Сказанное не произвело на арестованного никакого эффекта. Любой воспитанник новой эпохи затрепетал бы от страха даже при
намеке на возможную личную неприязнь к нему со стороны вождя могущественнейшего государства мира. Этот же и ухом не повел. Одно слово – «бывший»...– Отвечайте! А впрочем, молчите. Слушайте меня. Внимательно слушайте. Я вам расскажу одну поучительную историю про вашего, так сказать, боевого товарища.
Суровцев с интересом поднял глаза на чекиста. «О чем это он собирается рассказывать?» – подумал арестованный.
– Вы же не станете отрицать, что были знакомы с колчаковским генералом Анатолием Николаевичем Пепеляевым еще с юнкерских лет?
– Не совсем так.
Судоплатов уже готов был рассвирепеть от такого лживого заявления, но арестованный тут же поправился:
– Я хотел сказать, что мы с Анатолием были знакомы и дружны даже не с юнкерских усов. Мы знали друг друга, как говорится, «с кадетских соплей».
– Известно ли вам что-нибудь о судьбе Пепеляева после Гражданской войны?
– Я слышал какие-то слухи, но не верил им.
– Что ж, давайте излагайте, что за слухи до вас доходили, а я вам скажу, что было на самом деле.
Суровцеву не хотелось врать. В общих чертах он знал все, исключая то, жив или же расстрелян Анатоль на сегодняшний день. Скорее всего расстрелян. Иначе разговор о нем происходил бы как-то по-другому. Но и рассказывать о своей послевоенной встрече с Анатолием он не собирался. Он, по обыкновению, выбрал путь полуправды:
– Я слышал, что после разгрома армии он был в Харбине. Жутко бедствовал. В 1923 году с вооруженным отрядом вторгся на территорию республики. Говорили, что сдался властям. Был, как и я, приговорен к высшей мере. Но расстрелян не был. Говорили, что отсидел десять лет, был прощен и освобожден. Последнее, думаю, слишком невероятно, чтобы быть правдой.
– Если вы что-то недоговариваете, то тем хуже для вас. А теперь слушайте правду. Он действительно сдался нам. Но сдался лишь тогда, когда у него не оставалось другого выхода. Отсидел он не десять, а тринадцать лет. Причем, что любопытно, после ярославской тюрьмы и Бутырок во внутренней нашей тюрьме он содержался в той же камере, в которой теперь содержитесь вы. Прямо мистика какая-то. Вы не находите? Его делом занимался тогдашний начальник особого отдела НКВД Гай с ведома самого наркома Генриха Ягоды. Они действительно освободили вашего дружка.

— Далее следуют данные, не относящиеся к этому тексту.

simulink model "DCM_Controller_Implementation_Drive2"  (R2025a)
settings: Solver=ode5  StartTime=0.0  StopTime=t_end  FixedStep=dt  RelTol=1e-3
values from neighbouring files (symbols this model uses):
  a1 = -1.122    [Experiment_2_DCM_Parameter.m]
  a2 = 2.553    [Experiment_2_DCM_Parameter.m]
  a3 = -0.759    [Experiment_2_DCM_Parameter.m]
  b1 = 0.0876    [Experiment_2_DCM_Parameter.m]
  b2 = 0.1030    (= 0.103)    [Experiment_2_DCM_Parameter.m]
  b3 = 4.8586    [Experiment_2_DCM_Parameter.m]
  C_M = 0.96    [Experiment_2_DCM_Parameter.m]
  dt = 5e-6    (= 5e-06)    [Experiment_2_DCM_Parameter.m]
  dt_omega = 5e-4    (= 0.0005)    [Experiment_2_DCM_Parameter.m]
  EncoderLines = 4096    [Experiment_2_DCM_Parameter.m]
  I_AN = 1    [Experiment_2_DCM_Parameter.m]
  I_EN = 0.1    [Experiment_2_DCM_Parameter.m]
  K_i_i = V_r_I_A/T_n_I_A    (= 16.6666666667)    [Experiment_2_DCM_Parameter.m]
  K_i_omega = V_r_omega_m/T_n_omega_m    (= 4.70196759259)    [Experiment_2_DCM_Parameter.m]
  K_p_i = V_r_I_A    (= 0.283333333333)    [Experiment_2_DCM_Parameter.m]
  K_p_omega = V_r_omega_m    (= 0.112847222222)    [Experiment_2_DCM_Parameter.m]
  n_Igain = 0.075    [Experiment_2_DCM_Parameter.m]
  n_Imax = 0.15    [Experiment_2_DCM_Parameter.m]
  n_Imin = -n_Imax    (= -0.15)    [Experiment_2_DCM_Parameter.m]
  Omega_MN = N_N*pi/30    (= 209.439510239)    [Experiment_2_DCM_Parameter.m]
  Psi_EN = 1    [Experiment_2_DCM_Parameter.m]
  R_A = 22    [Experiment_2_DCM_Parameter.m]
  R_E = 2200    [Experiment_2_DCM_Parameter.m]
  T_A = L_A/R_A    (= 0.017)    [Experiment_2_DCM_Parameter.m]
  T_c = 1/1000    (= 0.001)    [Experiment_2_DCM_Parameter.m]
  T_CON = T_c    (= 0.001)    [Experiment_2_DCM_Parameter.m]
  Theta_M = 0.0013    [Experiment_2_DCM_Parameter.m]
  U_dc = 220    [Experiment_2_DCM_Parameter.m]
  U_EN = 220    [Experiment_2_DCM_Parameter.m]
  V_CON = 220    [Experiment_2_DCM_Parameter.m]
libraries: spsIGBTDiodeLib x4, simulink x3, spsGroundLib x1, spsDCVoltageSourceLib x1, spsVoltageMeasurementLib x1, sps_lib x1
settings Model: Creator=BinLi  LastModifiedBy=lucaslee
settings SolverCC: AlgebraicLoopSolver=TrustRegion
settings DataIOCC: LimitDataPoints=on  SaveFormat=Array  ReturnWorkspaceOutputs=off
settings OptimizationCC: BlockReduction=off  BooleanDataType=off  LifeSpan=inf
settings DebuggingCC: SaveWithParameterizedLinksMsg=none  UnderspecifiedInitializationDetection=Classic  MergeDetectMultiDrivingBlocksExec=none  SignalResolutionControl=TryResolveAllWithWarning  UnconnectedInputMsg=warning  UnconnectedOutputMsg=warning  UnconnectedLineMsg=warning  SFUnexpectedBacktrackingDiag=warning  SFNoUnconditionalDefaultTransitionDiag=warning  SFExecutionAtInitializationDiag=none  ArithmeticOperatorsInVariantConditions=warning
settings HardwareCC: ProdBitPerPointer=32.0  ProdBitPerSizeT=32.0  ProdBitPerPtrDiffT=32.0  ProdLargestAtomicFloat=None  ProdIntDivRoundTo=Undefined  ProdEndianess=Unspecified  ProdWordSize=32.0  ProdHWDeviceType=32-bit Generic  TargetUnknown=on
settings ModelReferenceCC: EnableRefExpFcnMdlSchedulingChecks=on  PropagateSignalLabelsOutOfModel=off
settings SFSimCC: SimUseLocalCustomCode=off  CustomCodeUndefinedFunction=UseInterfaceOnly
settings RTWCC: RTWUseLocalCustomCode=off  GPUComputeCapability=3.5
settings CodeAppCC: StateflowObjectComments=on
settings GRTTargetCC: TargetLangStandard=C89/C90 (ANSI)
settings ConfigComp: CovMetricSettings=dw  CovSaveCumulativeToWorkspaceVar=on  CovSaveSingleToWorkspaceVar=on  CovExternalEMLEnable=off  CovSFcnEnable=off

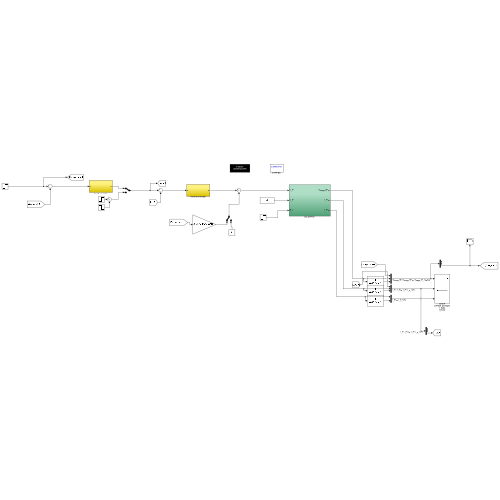
[thumbnail: Simulink's stored preview of the top-level diagram]
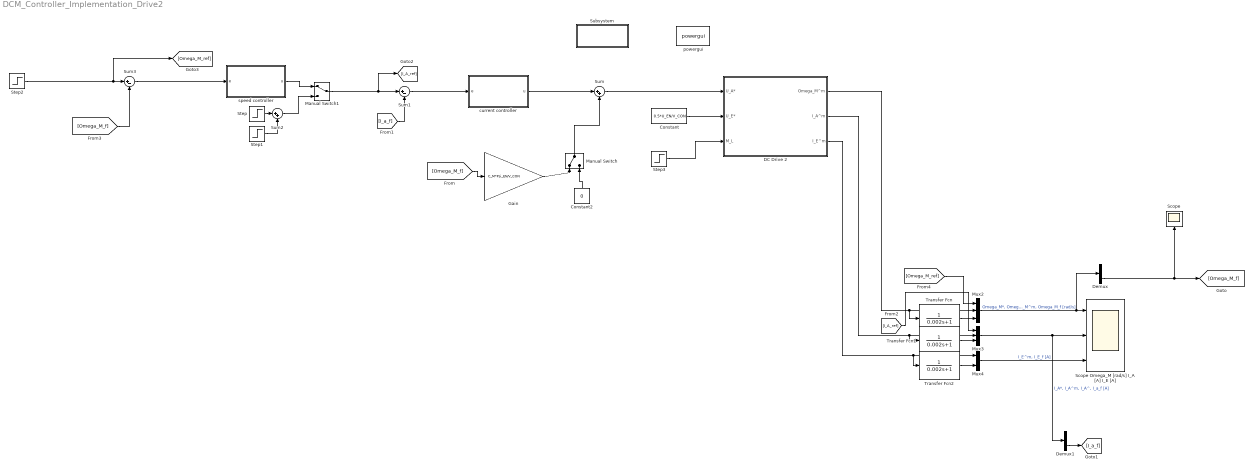
== system DCM_Controller_Implementation_Drive2 ==
  Constant : Constant  Value=0.5*U_EN/V_CON
  Constant2 : Constant  Value=0
  DC Drive 2 : Subsystem
  Demux : Demux  Outputs=3
  Demux1 : Demux  Outputs=3
  Gain : Gain  Gain=C_M*Psi_EN/V_CON
  Manual Switch : ManualSwitch
  Manual Switch1 : ManualSwitch
  Mux2 : Mux  Inputs=3
  Mux3 : Mux  Inputs=3
  Mux4 : Mux  Inputs=2
  Scope : Scope
      settings: ActiveDisplayYMinimum=-1  ActiveDisplayYMaximum=1
  Scope Omega_M [rad/s] I_A [A] I_E [A] : Scope  NumInputPorts=3
      settings: ActiveDisplayYMinimum=-32.249389430649124  ActiveDisplayYMaximum=259.56488911812932  DataLoggingSaveFormat=Array
  Step : Step  Time=0.5  After=I_AN/2  SampleTime=0
  Step1 : Step  After=-I_AN/2  SampleTime=0
  Step2 : Step  Time=0.5  After=1.1*Omega_MN  SampleTime=0
  Step3 : Step  After=0  SampleTime=0
  Subsystem : Subsystem
      settings: OpenFcn=Experiment_2_DCM_Parameter
      mask Display: disp('Initialize\n (doppelklicken)')
  Sum : Sum  Inputs=|++
  Sum1 : Sum  Inputs=|+-
  Sum2 : Sum  Inputs=|++
  Sum3 : Sum  Inputs=|+-
  Transfer Fcn : TransferFcn  Denominator=[0.002 1]
  Transfer Fcn1 : TransferFcn  Denominator=[0.002 1]
  Transfer Fcn2 : TransferFcn  Denominator=[0.002 1]
  current controller : Subsystem
  powergui : sps_lib/powergui  Priority=1  SimulationMode=Continuous  SampleTime=50e-6  frequency=60  Iterations=50  frequencyindice=0  Pbase=100e6  ErrMax=1e-4  UnitsV=kV  UnitsW=MW  buscounter=0  FunctionMessages=off  echomessages=off  EnableUseOfTLC=off  CurrentSourceSwitches=off  DisableSnubberDevices=off  DisableRonSwitches=off  DisableVfSwitches=off  DisplayEquations=off  AutomaticDiscreteSolvers=off  SolverType=Tustin/Backward Euler (TBE)  Interpol=off  ExternalGateDelay=off  methode=off  Ts=100  x0status=blocks  SPID=off  SwTol=0  HookPort=off  NonlinearTolerance=1e-4  nMaxIteration=100  ContinueOnMaxIteration=off  RestoreLinks=warning  ResistiveCurrentMeasurement=off  Frange=[0:2:500]  Ylog=off  Xlog=on  ShowGrid=off  save=off  variable=ZData  structure=0  ZoomFFT=off  StartTime=0.0  cycles=1  DisplayStyle=1  fundamental=60  FreqAxis=off  MaxFrequency=1000  frequencyindicesteady=1  RmsSteady=1  display=off
  speed controller : Subsystem
  wires:
  Mux2/1 -> Demux/1, Scope Omega_M [rad/s] I_A [A] I_E [A]/1  "Omega_M*, Omega_M^m, Omega_M_f [rad/s]"
  Mux3/1 -> Scope Omega_M [rad/s] I_A [A] I_E [A]/2, Demux1/1  "I_A*, I_A^m, I_A^, I_a_f [A]"
  Mux4/1 -> Scope Omega_M [rad/s] I_A [A] I_E [A]/3  "I_E^m, I_E_f [A]"
  DC Drive 2/2(I_A^m) -> Transfer Fcn1/1, Mux3/2
  DC Drive 2/3(I_E^m) -> Transfer Fcn2/1, Mux4/1
  DC Drive 2/1(Omega_M^m) -> Transfer Fcn/1, Mux2/2
  Transfer Fcn/1 -> Mux2/3
  Transfer Fcn2/1 -> Mux4/2
  Transfer Fcn1/1 -> Mux3/3
  Sum/1 -> DC Drive 2/1(U_A*)
  Demux/3 -> Scope/1, [Omega_M_f]
  [Omega_M_f] -> Gain/1
  current controller/1(u) -> Sum/1
  Sum1/1 -> current controller/1(e)
  [I_a_f] -> Sum1/2
  Demux1/3 -> [I_a_f]
  [I_A_ref] -> Mux3/1
  Constant/1 -> DC Drive 2/2(U_E*)
  Step/1 -> Sum2/1
  Step1/1 -> Sum2/2
  Step3/1 -> DC Drive 2/3(M_L)
  Manual Switch/1 -> Sum/2
  Gain/1 -> Manual Switch/1
  Constant2/1 -> Manual Switch/2
  Sum2/1 -> Manual Switch1/2
  speed controller/1(u) -> Manual Switch1/1
  Sum3/1 -> speed controller/1(e)
  [Omega_M_f] -> Sum3/2
  [Omega_M_ref] -> Mux2/1
  Step2/1 -> Sum3/1, [Omega_M_ref]
  Manual Switch1/1 -> [I_A_ref], Sum1/1

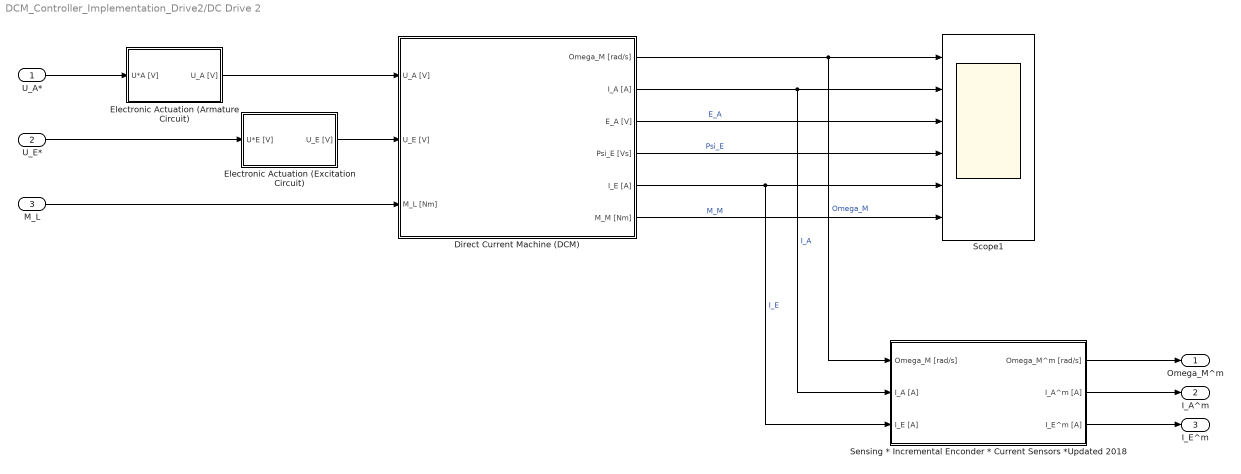
== system DCM_Controller_Implementation_Drive2/DC Drive 2 ==
  U_A* : Inport
  U_E* : Inport  Port=2
  M_L : Inport  Port=3
  Direct Current Machine (DCM) : Subsystem
  Electronic Actuation (Armature Circuit) : Subsystem
  Electronic Actuation (Excitation Circuit) : Subsystem
  Scope1 : Scope  NumInputPorts=6
      settings: DataLoggingSaveFormat=Array
  Sensing * Incremental Enconder * Current Sensors *Updated 2018 : Subsystem
  Omega_M^m : Outport
  I_A^m : Outport  Port=2
  I_E^m : Outport  Port=3
  wires:
  Electronic Actuation (Armature Circuit)/1(U_A [V]) -> Direct Current Machine (DCM)/1(U_A [V])
  Electronic Actuation (Excitation Circuit)/1(U_E [V]) -> Direct Current Machine (DCM)/2(U_E [V])
  U_E*/1 -> Electronic Actuation (Excitation Circuit)/1(U*E [V])
  M_L/1 -> Direct Current Machine (DCM)/3(M_L [Nm])
  U_A*/1 -> Electronic Actuation (Armature Circuit)/1(U*A [V])
  Direct Current Machine (DCM)/1(Omega_M [rad/s]) -> Sensing * Incremental Enconder * Current Sensors *Updated 2018/1(Omega_M [rad/s]), Scope1/1  "Omega_M"
  Direct Current Machine (DCM)/2(I_A [A]) -> Sensing * Incremental Enconder * Current Sensors *Updated 2018/2(I_A [A]), Scope1/2  "I_A"
  Direct Current Machine (DCM)/5(I_E [A]) -> Sensing * Incremental Enconder * Current Sensors *Updated 2018/3(I_E [A]), Scope1/5  "I_E"
  Direct Current Machine (DCM)/3(E_A [V]) -> Scope1/3  "E_A"
  Direct Current Machine (DCM)/4(Psi_E [Vs]) -> Scope1/4  "Psi_E"
  Direct Current Machine (DCM)/6(M_M [Nm]) -> Scope1/6  "M_M"
  Sensing * Incremental Enconder * Current Sensors *Updated 2018/1(Omega_M^m [rad/s]) -> Omega_M^m/1
  Sensing * Incremental Enconder * Current Sensors *Updated 2018/2(I_A^m [A]) -> I_A^m/1
  Sensing * Incremental Enconder * Current Sensors *Updated 2018/3(I_E^m [A]) -> I_E^m/1

== system DCM_Controller_Implementation_Drive2/Subsystem ==

== system DCM_Controller_Implementation_Drive2/current controller ==
  note: Create a PI-Controller with the Elements below.
  e : Inport
  Integrator : Integrator
  K_I : Gain  Gain=K_i_i
  K_P : Gain  Gain=K_p_i
  Sum : Sum  Inputs=|++
  u : Outport
  wires:
  e/1 -> K_I/1, K_P/1
  K_P/1 -> Sum/1
  K_I/1 -> Integrator/1
  Integrator/1 -> Sum/2
  Sum/1 -> u/1

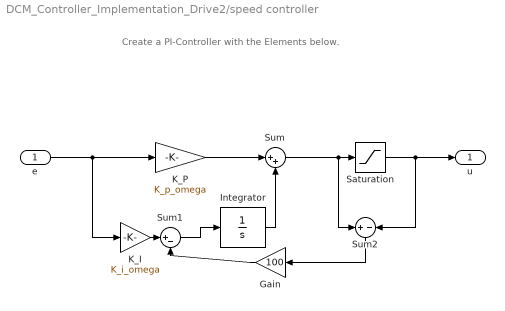
== system DCM_Controller_Implementation_Drive2/speed controller ==
  note: Create a PI-Controller with the Elements below.
  e : Inport
  Gain : Gain  Gain=100
  Integrator : Integrator
  K_I : Gain  Gain=K_i_omega
  K_P : Gain  Gain=K_p_omega
  Saturation : Saturate  UpperLimit=2  LowerLimit=-2
  Sum : Sum  Inputs=|++
  Sum1 : Sum  Inputs=|+-
  Sum2 : Sum  Inputs=+|-
  u : Outport
  wires:
  e/1 -> K_I/1, K_P/1
  K_P/1 -> Sum/1
  Sum/1 -> Sum2/1, Saturation/1
  Integrator/1 -> Sum/2
  Saturation/1 -> Sum2/2, u/1
  K_I/1 -> Sum1/1
  Sum1/1 -> Integrator/1
  Sum2/1 -> Gain/1
  Gain/1 -> Sum1/2

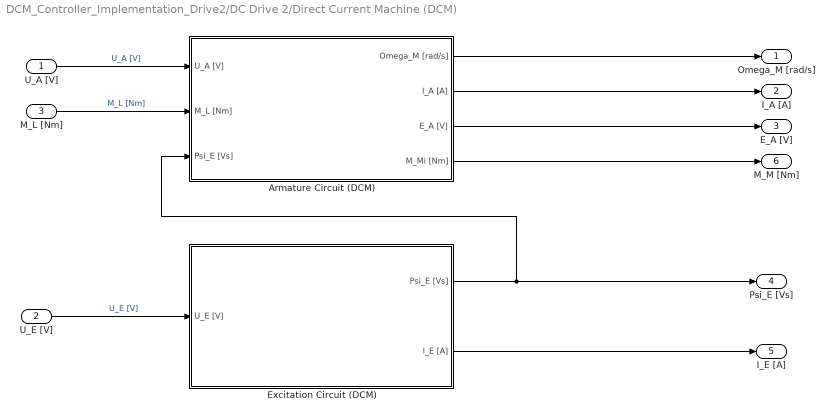
== system DCM_Controller_Implementation_Drive2/DC Drive 2/Direct Current Machine (DCM) ==
  U_A [V] : Inport
  U_E [V] : Inport  Port=2
  M_L [Nm] : Inport  Port=3
  Armature Circuit (DCM) : Subsystem
  Excitation Circuit (DCM) : Subsystem
  Omega_M [rad/s] : Outport  InitialOutput=0
  I_A [A] : Outport  Port=2  InitialOutput=0
  E_A [V] : Outport  Port=3  InitialOutput=0
  Psi_E [Vs] : Outport  Port=4  InitialOutput=0
  I_E [A] : Outport  Port=5  InitialOutput=0
  M_M [Nm] : Outport  Port=6  InitialOutput=0
  wires:
  Armature Circuit (DCM)/4(M_Mi [Nm]) -> M_M [Nm]/1
  Excitation Circuit (DCM)/2(I_E [A]) -> I_E [A]/1
  Armature Circuit (DCM)/3(E_A [V]) -> E_A [V]/1
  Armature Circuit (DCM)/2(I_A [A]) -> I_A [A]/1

Я не стану скрывать, что это тоже было им поставлено в вину наряду с другими преступлениями, за которые их судили, а затем расстреляли. Я вам больше скажу: отпустили они Пепеляева именно из-за того, что в очередной раз всплыл вопрос о золоте Колчака. Причастность Пепеляева была, казалось бы, очевидной. Вот и решили понаблюдать за ним на свободе. Из показаний Пепеляева в ходе следствия всплывала и ваша фамилия. Пепеляев даже назвал вас как Мирка. Но умолчал, что это только часть двойной фамилии Мирк-Суровцев. Я думаю, он что-то знал про золото, но убежден, что главным в этой истории были вы. Именно вы, а не Пепеляев.
– А почему не Пепеляев?
– Я вам скажу почему. Пепеляев – смелый боевой генерал, но не склонный к интригам, не владеющий навыками конспирации. И тем более не способный к сохранению тайн такого рода. Несколько сот пудов золота – это не фунт изюма. За тринадцать месяцев на свободе, знай он что-нибудь, чем-то неминуемо выдал бы себя. А наблюдение за ним велось более чем пристальное. Все Воронежское управление НКВД во главе со своим начальником Эстриным, мне кажется, только тем и занималось, что следило за Пепеляевым. После этого Эстрина осталось несколько томов донесений о Пепеляеве. Где был, с кем разговаривал, вплоть до того, когда и куда в туалет ходил.